According to my personal accounts I've spent about £1000 over the last year just on food, plants, odds and sods etc. Add in the costs of hardware, water, power … then add that up over the life of a goldie which on average should be 10-15 years for a fancy and 25+ for a common. Then multiply it up for a much bigger tank and much bigger food bills etc. for an RTC (my tanks are a 'mere' 600 litres each) over a 30 year lifespan and PFK's quote probably works out. 

Yes, you (royal you) could do it for less, but if you don't have the funds maybe you should reconsider the species you want. Don't cut corners, compromise and make do 'for now', just choose the fish to suit your wallet (something about champagne lifestyles on lemonade money  ) That's a general comment, not aimed at anyone in particular 

I'm aware there are some who may mock the link below, but it's a slightly different take on things:
Red Tailed Catfish - an aquatic big cat - INJAF

As an aside, releasing non-native species in the UK is illegal. More info here:
https://www.gov.uk/non-native-fish-and-shellfish
The Prohibition of Keeping or Release of Live Fish (Specified Species) (Amendment) (England) Order 2003
Section 14 here Wildlife and Countryside Act 1981

HTH


----------



## berry1 (Sep 25, 2010)

Mynki said:


> Oh Berry1, reduced to name calling and making up things now?
> 
> It was just over two years ago that you stated on your youtube channel that the clowns in your marine nano tank had died, despite people on here advising why it wouldn't work. Only you didn't admit that on here. :whistling2:
> 
> ...



Wow im not exactly sure that im the one that is making things up! because i have a youtube channel with no videos on it and ive never had videos on it lol. Plus i have posted plenty of pictures of my aquariums but never have i put videos up. So im not exactly sure who's youtube channel you've been looking at. If you have even been looking at someones channel but that for sure was not my comments. 

My clowns are doing just fine in someone elses tank as of now the parrot cichlid aint doing so good though ! :devil: 

As i said in my last posts running costs are going to be widely dependant on what corners you choose to cut or if you dont cut any at all. As i said before where you source your food and supplies from will impact costs drastically. Are you going to give the RTC a tank of 25 foot in length? or are you going to go much smaller around 10-12 foot. All these things from my view point will change the running costs to much to give a set in stone figure. 
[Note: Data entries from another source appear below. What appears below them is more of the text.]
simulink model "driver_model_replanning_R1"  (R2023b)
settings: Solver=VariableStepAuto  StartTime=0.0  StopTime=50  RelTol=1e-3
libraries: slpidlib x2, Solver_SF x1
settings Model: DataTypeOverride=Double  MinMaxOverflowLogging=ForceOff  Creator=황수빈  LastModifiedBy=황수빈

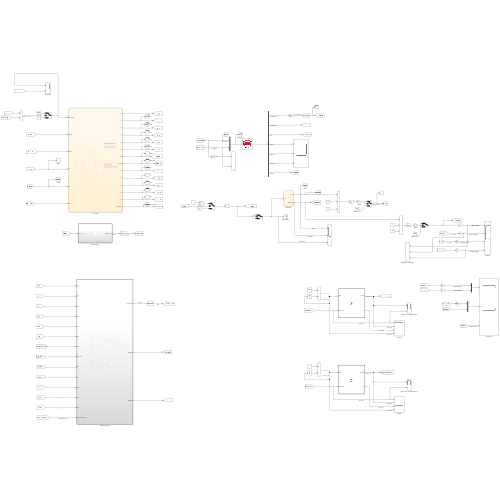
[thumbnail: Simulink's stored preview of the top-level diagram]
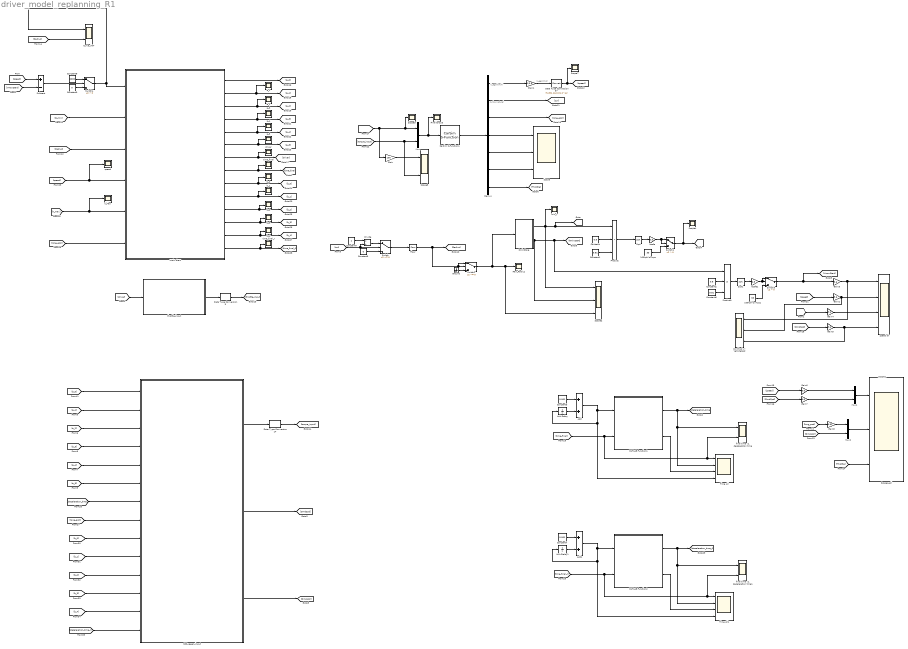
== system driver_model_replanning_R1 ==
  note: V_ego(m/s)
  note: V_ego(km/h)
  note: cur(curvature)
  100kph to mps : Constant  Value=33
  100kph to mps1 : Constant  Value=33
  Add : Sum
  Add1 : Sum
  CarSim S-Function1 : Solver_SF/CarSim S-Function  Priority=1  SIMFILE=simfile.sim  Run_RTs=off  vs_state_ind=Run  StopMode_ind=Vehicle Model
  Constant : Constant  Value=0.8
  Constant1 : Constant  Value=9.81
  Constant2 : Constant  Value=0.8
  Constant3 : Constant  Value=0.001
  Constant4 : Constant
  Constant5 : Constant  Value=0
  Constant6 : Constant  Value=9.81
  Constant7 : Constant  Value=0.001
  Constant8 : Constant  Value=2000
  Constant9 : Constant  Value=0
  Curve_INIT : Scope  NumInputPorts=2
  Data Type Conversion14 : DataTypeConversion  OutDataTypeStr=fixdt(1,16,0)  RndMeth=Nearest  SaturateOnIntegerOverflow=off
  Data Type Conversion3 : DataTypeConversion  OutDataTypeStr=fixdt(1,16,0)  RndMeth=Nearest  SaturateOnIntegerOverflow=off
  Data Type Conversion37 : DataTypeConversion  OutDataTypeStr=fixdt(1,16,0.01,2^-6)  RndMeth=Simplest  SaturateOnIntegerOverflow=off
  Demux : Demux  Outputs=7
  Divide : Product  Inputs=*/
  DmdSpd vs VehicleSpd : Scope  NumInputPorts=3
  Final torque : Scope
  Floor : Rounding
  Gain : Gain  Gain=100
  Gain1 : Gain  Gain=1/3.6
  Gain{2..7} (6 alike) : Gain  Gain=3.6
  Gain8 : Gain  Gain=9.81
  Ground : Ground
  MATLAB Function1 : MATLAB Function  TreatAsAtomicUnit=on
  MATLAB Function2 : MATLAB Function  TreatAsAtomicUnit=on
  Mux : Mux  Inputs=2
  Mux1 : Mux  Inputs=2
  Mux2 : Mux  Inputs=2
  Nsafe : Gain  Gain=0.5
  Nsafe1 : Gain  Gain=0.5
  Product : Product  Inputs=3
  Product1 : Product  Inputs=3
  Raw_Radius : Scope
  RminStore : Stateflow chart  TreatAsAtomicUnit=on
  SRS_regen_input : Subsystem  TreatAsAtomicUnit=on
  Scope : Scope  NumInputPorts=3
  Scope{1,3..4,7} (4 alike) : Scope
  Scope2 : Scope  NumInputPorts=3
  Scope5 : Scope  NumInputPorts=2
  Scopes_all : Scope  NumInputPorts=3
  Sqrt : Sqrt
  Sqrt1 : Sqrt
  Subtract : Sum  Inputs=+-
  Switch : Switch  Criteria=u2 ~= 0  SaturateOnIntegerOverflow=off  InputSameDT=off
  Switch1 : Switch  Criteria=u2 > Threshold  SaturateOnIntegerOverflow=off  InputSameDT=off
  Switch2 : Switch  Criteria=u2 ~= 0  SaturateOnIntegerOverflow=off  InputSameDT=off
  Switch3 : Switch  Criteria=u2 > Threshold  SaturateOnIntegerOverflow=off  InputSameDT=off
  Switch4 : Switch  Criteria=u2 > Threshold  SaturateOnIntegerOverflow=off  InputSameDT=off
  Time All : Scope  NumInputPorts=4
  Time All1 : Scope  NumInputPorts=4
  Unit Delay : UnitDelay  SampleTime=-1  HasFrameUpgradeWarning=on
  Unit Delay1 : UnitDelay  SampleTime=-1  HasFrameUpgradeWarning=on
  V_Max : Scope
  a_{1..5} (5 alike) : Scope
  b_{0..4} (5 alike) : Scope
  driver : Scope
  final time vs. deceleration time : Scope  NumInputPorts=2
  final time vs. deceleration time1 : Scope  NumInputPorts=2
  main chart : Stateflow chart  TreatAsAtomicUnit=on
  min_r : Scope
  speed : Scope
  speed all : Scope  NumInputPorts=4
  throttle_input : Subsystem  TreatAsAtomicUnit=on  SystemSampleTime=0.01
  time_final : Scope
  time_final_r : Scope
  wires:
  [a_4] -> SRS_regen_input/5(a_4)
  [speed] -> Gain2/1  "m/s -> kph"
  100kph to mps/1 -> Switch1/3
  [a_3] -> SRS_regen_input/4(a_3)
  Gain/1 -> Scope5/1
  [Throttle] -> Scopes_all/3  "Throttle Pressure"
  Gain7/1 -> Mux1/2  "TARGET SPEED"
  Floor/1 -> Switch2/1, Switch2/2, [Radius]
  [DmdSpd] -> Gain7/1
  [DmdAccl] -> Mux2/2
  Sqrt1/1 -> Nsafe1/1
  [deceleration_time] -> SRS_regen_input/7(time t)
  Gain6/1 -> Mux1/1  "VEHICLE SPEED"
  Mux2/1 -> Scopes_all/2
  Demux/2 -> [cur]
  Product1/1 -> Sqrt1/1
  Gain8/1 -> Mux2/1
  Gain5/1 -> DmdSpd vs VehicleSpd/3, speed all/4  "DEMAND SPEED"
  Mux1/1 -> Scopes_all/1
  Add/1 -> Unit Delay/1, Time All/4, MATLAB Function1/1(time)  "current_time"
  [long_accl] -> Gain8/1
  Demux/5 -> Scope/2  "M_Mtr_D2"
  Demux/7 -> [Throttle]  "Thrtl_SC"
  Nsafe/1 -> Switch1/1, Switch1/2
  SRS_regen_input/3(DmdAccl) -> [DmdAccl]
  [speed] -> Gain6/1
  SRS_regen_input/2(DmdSpd) -> [DmdSpd]
  Switch3/1 -> [VmaxStart], Gain3/1
  100kph to mps1/1 -> Switch3/3
  MATLAB Function1/1(t_output) -> [deceleration_time], final time vs. deceleration time/1, Time All/2  "decel_time"
  [Radius] -> main chart/3(radius)
  main chart/4(a_3) -> a_3/1, [a_3]
  [DmdSpd] -> Gain5/1
  Demux/6 -> Scope/3  "PwMtC_D2"
  [V_max] -> Gain4/1  "m/s -> kph"
  [a_2] -> SRS_regen_input/3(a_2)
  Demux/1 -> Gain1/1
  Gain4/1 -> speed all/3  "TARGET SPEED2"
  Constant2/1 -> Product1/2
  Unit Delay/1 -> Add/2
  Demux/4 -> Scope/1  "M_Mt_D2"
  Gain3/1 -> DmdSpd vs VehicleSpd/1, speed all/1  "TARGET SPEED"
  Nsafe1/1 -> Switch3/1, Switch3/2
  [Radius] -> Curve_INIT/2
  Product/1 -> Sqrt/1
  main chart/5(a_4) -> [a_4], a_4/1
  [speed] -> speed/1, main chart/4(v0)
  RminStore/1(Rmin) -> min_r/1, [R_min], Product/1, Scope2/1  "minR"
  Switch2/1 -> Scope2/3, Raw_Radius/1, RminStore/1(r)  "Raw Radius"
  [long_accl] -> SRS_regen_input/8(long. accl)
  [throttle_input] -> Mux/1, Scope3/1, Gain/1  "throttle input"
  Sqrt/1 -> Nsafe/1
  [torque_input] -> Scope5/2, Mux/2  "torque input"
  Ground/1 -> Switch2/3
  Gain1/1 -> Data Type Conversion37/1
  [a_5] -> SRS_regen_input/6(a_5)
  [time_final] -> MATLAB Function1/2(time_final), final time vs. deceleration time/2, Time All/1  "time_final"
  [long_accl] -> main chart/6(a0)
  [R_min] -> main chart/2(R_min)
  Constant3/1 -> Add/1
  Constant9/1 -> Switch4/3
  throttle_input/1(throttle_input) -> Data Type Conversion3/1  "before"
  Constant/1 -> Product/2
  Switch4/1 -> main chart/1(Curve_INIT), Curve_INIT/1
  Subtract/1 -> Switch4/2  "speed > v_max"
  [V_max] -> V_Max/1, main chart/5(vf)
  MATLAB Function1/2(p) -> Time All/3  "prev_time"
  [VmaxStart] -> Subtract/2
  [a_1] -> SRS_regen_input/2(a_1)
  main chart/2(a_1) -> a_1/1, [a_1]
  main chart/3(a_2) -> a_2/1, [a_2]
  main chart/6(a_5) -> [a_5], a_5/1
  [a_0] -> SRS_regen_input/1(a_0)
  Constant8/1 -> Switch4/1
  Mux/1 -> CarSim S-Function1/1, Final torque/1
  Data Type Conversion3/1 -> [throttle_input]  "after"
  main chart/7(driver) -> [driver], driver/1
  Data Type Conversion37/1 -> Scope7/1, [speed]
  Demux/3 -> [long_accl]  "accel"
  Divide/1 -> Switch/1
  [cur] -> Switch/2, Divide/2
  RminStore/2(RminStart) -> Scope2/2, [RminStart], Product1/1  "minR Start"
  main chart/8(time_final) -> [time_final], time_final/1
  Switch/1 -> Floor/1
  Gain2/1 -> DmdSpd vs VehicleSpd/2, speed all/2  "VEHICLE SPEED"
  [driver] -> throttle_input/1(driver)
  main chart/1(a_0) -> [a_0]
  Constant6/1 -> Product1/3
  Constant1/1 -> Product/3
  Constant4/1 -> Divide/1
  Data Type Conversion14/1 -> [torque_input]  "after"
  [speed] -> Subtract/1
  SRS_regen_input/1(torque_input) -> Data Type Conversion14/1  "before"
  Constant5/1 -> Switch/3
  CarSim S-Function1/1 -> Demux/1
  Switch1/1 -> Scope4/1, [V_max]  "target speed(m/s)"
  main chart/9(b_0) -> b_0/1, [b_0]
  main chart/10(b_1) -> b_1/1, [b_1]
  main chart/11(b_2) -> b_2/1, [b_2]
  main chart/12(b_3) -> b_3/1, [b_3]
  main chart/13(b_4) -> b_4/1, [b_4]
  main chart/14(time_final_r) -> time_final_r/1, [time_final_r]
  [b_0] -> SRS_regen_input/9(b_0)
  [b_1] -> SRS_regen_input/10(b_1)
  [b_2] -> SRS_regen_input/11(b_2)
  [b_3] -> SRS_regen_input/12(b_3)  "b_3"
  [b_4] -> SRS_regen_input/13(b_4)  "b_4"
  [time_final_r] -> MATLAB Function2/2(time_final_r), final time vs. deceleration time1/2, Time All1/1  "time_final"
  MATLAB Function2/1(t_output2) -> [deceleration_time_r], final time vs. deceleration time1/1, Time All1/2  "decel_time"
  Unit Delay1/1 -> Add1/2
  Constant7/1 -> Add1/1
  MATLAB Function2/2(p2) -> Time All1/3  "prev_time"
  Add1/1 -> Unit Delay1/1, Time All1/4, MATLAB Function2/1(time)  "current_time"
  [deceleration_time_r] -> SRS_regen_input/14(deceleration_time_r)  "deceleration_time_r"

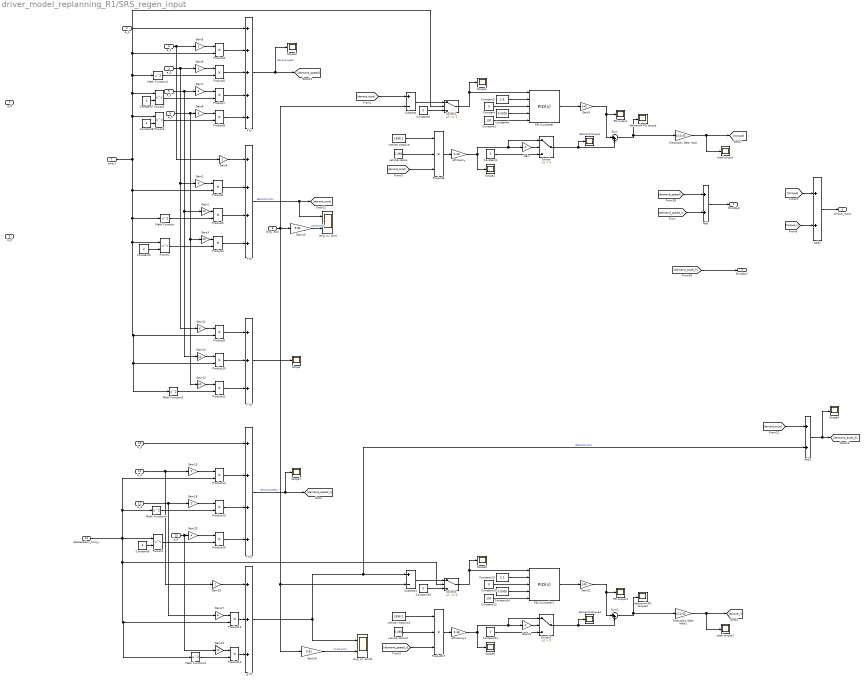
== system driver_model_replanning_R1/SRS_regen_input ==
  a_0 : Inport
  a_1 : Inport  Port=2
  a_2 : Inport  Port=3
  a_3 : Inport  Port=4
  a_4 : Inport  Port=5
  a_5 : Inport  Port=6
  time t : Inport  Port=7
  long. accl : Inport  Port=8
  b_0 : Inport  Port=9
  b_1 : Inport  Port=10
  b_2 : Inport  Port=11
  b_3 : Inport  Port=12
  b_4 : Inport  Port=13
  deceleration_time_r : Inport  Port=14
  Add : Sum
  Add1 : Sum
  Add2 : Sum
  Constant{,1,6,10..11,15} (6 alike) : Constant  Value=0
  Constant12 : Constant  Value=100
  Constant13 : Constant  Value=2.2
  Constant14 : Constant  Value=0.0005
  Constant2 : Constant  Value=100
  Constant3 : Constant  Value=2.8
  Constant4 : Constant  Value=0.0005
  Constant5 : Constant  Value=3
  Constant7 : Constant  Value=3
  Constant8 : Constant  Value=4
  Constant9 : Constant  Value=3
  Gain : Gain  Gain=-1
  Gain1 : Gain  Gain=12
  Gain10 : Gain  Gain=24
  Gain11 : Gain  Gain=6
  Gain12 : Gain  Gain=60
  Gain{4..5,13,19} (4 alike) : Gain  Gain=2
  Gain14 : Gain  Gain=12
  Gain15 : Gain  Gain=9.81
  Gain16 : Gain  Gain=9.81
  Gain17 : Gain  Gain=6
  Gain18 : Gain  Gain=3
  Gain2 : Gain  Gain=6
  Gain20 : Gain  Gain=4
  Gain21 : Gain  Gain=-1
  Gain22 : Gain  Gain=245
  Gain3 : Gain  Gain=20
  Gain6 : Gain  Gain=3
  Gain7 : Gain  Gain=4
  Gain8 : Gain  Gain=5
  Gain9 : Gain  Gain=245
  Math Function{,1..4} (5 alike) : Math  Operator=square
  PD output : Scope
  PD output1 : Scope
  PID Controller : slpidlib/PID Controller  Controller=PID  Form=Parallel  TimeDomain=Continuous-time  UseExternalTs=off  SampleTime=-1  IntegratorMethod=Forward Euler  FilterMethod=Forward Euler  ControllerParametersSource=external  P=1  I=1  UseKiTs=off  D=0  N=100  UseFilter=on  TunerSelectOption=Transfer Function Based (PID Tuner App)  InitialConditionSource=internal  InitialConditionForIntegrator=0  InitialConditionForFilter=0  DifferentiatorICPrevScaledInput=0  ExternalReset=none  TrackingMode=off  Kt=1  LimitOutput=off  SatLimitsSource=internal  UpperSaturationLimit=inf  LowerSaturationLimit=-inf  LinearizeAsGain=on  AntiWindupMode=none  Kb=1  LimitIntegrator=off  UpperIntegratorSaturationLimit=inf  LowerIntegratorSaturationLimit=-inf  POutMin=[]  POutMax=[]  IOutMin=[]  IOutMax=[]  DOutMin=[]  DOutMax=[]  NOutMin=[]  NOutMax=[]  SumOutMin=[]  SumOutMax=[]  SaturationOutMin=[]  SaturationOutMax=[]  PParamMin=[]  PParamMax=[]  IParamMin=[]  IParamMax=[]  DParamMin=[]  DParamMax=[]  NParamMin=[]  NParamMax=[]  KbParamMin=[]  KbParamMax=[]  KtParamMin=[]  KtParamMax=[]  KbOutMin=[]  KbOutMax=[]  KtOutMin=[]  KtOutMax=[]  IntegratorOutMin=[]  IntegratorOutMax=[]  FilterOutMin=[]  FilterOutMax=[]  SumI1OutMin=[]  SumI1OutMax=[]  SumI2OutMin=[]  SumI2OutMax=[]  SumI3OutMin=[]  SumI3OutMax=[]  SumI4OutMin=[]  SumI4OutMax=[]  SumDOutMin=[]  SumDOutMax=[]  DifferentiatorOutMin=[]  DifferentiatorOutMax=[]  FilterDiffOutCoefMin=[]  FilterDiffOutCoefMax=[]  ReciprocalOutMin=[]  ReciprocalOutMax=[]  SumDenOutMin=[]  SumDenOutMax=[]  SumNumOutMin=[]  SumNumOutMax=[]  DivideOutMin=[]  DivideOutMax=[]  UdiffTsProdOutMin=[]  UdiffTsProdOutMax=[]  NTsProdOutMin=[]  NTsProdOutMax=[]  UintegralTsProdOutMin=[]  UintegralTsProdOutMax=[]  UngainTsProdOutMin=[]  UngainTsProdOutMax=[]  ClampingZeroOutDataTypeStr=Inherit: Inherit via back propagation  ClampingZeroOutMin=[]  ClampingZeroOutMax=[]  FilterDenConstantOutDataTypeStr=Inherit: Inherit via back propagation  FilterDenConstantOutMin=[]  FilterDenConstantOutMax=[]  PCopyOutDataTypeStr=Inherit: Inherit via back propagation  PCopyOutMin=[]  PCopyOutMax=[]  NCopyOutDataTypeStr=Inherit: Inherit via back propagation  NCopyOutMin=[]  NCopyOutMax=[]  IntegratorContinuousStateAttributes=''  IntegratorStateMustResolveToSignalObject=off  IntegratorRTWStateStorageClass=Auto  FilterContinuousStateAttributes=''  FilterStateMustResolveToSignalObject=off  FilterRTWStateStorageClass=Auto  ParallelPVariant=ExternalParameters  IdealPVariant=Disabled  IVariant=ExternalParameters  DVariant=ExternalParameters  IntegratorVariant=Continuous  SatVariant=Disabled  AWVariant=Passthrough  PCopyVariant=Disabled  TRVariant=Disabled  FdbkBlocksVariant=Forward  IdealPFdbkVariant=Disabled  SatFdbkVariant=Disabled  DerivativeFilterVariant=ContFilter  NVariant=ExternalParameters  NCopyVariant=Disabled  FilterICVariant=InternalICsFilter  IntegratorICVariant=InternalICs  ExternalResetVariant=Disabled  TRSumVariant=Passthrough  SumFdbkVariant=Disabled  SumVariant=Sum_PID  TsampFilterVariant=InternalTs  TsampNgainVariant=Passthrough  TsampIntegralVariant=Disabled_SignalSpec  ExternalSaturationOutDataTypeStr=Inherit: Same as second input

And the life span of the RTC do you know what the oldest living in captivity RTC is? i would be surprised to hear them living 70 plus years in a captive environment. Im not saying its impossible but its been shown time and time again that fish do not live the same life span in captivity as they do in the wild. 

Lets look at electricity costs though the average is about 15p per kilowatt pumps are generally energy efficient and low wattage so i highly doubt they would cost anything like £50,000. Im not saying it wont be expensive and the pfk calculations are probably a huge underestimation if you gave the fish a near perfect environment and space but there are plenty of corners that can be cut to save on costs. 

Just to summarise my clowns are NOT dead :lol2: might want to check the right youtube channel before you assume its mine infuture as a lot of people seem to like the idea of clowns in fluval edges its quite popular on youtube : victory:


----------



## Mynki (Mar 24, 2010)

Berry, it was yours, You're such a fibber.

I guess the average lifespan of an RTC in captivity is a fraction of what it is in the wild due to people not being able to keep them properly. When you think about it, this is bad as most animals live for longer in captivity due to better diet and health care.

But all you're saying is you think everyone else figures are wrong, when they have actually investigated the costs.

You have not provided any detailed numbers and so your opinion is at present nothing but drivel. Until you produce some calculations which can be verified and scrutinised I'd suggest you know nothing. It looks like you're looking for excuses to be honest...


----------



## berry1 (Sep 25, 2010)

Mynki said:


> Berry, it was yours, You're such a fibber.
> 
> I guess the average lifespan of an RTC in captivity is a fraction of what it is in the wild due to people not being able to keep them properly. When you think about it, this is bad as most animals live for longer in captivity due to better diet and health care.
> 
> ...



Fibber? nope not at all i haven't a frigging clue what your on about Mynki ive lost plenty of fish in the last 2 years including 3 pangassius cats, 2 silver dollars, 1 angel fish and a large parrot cichlid as i mentioned in a earlier post but no not lost any clown fish. The only thing i can assume is that you think that the clowns are no longer around because apparently nano marine tanks are always disasters and deciding to "fib" about it saying i said it in a youtube comment. I dont even post videos on youtube as my camera is shit :lol2:

I dont think everyone elses figures are wrong i simply think they are inflated compared to if you wanted to do it on a strict budget and a minimal sized aquarium. You can spend £50,000 on a goldfish tank if you want but they can be maintained far cheaper  

Excuses? about what? im simply stating that a RTC can be kept for far less than £50,000!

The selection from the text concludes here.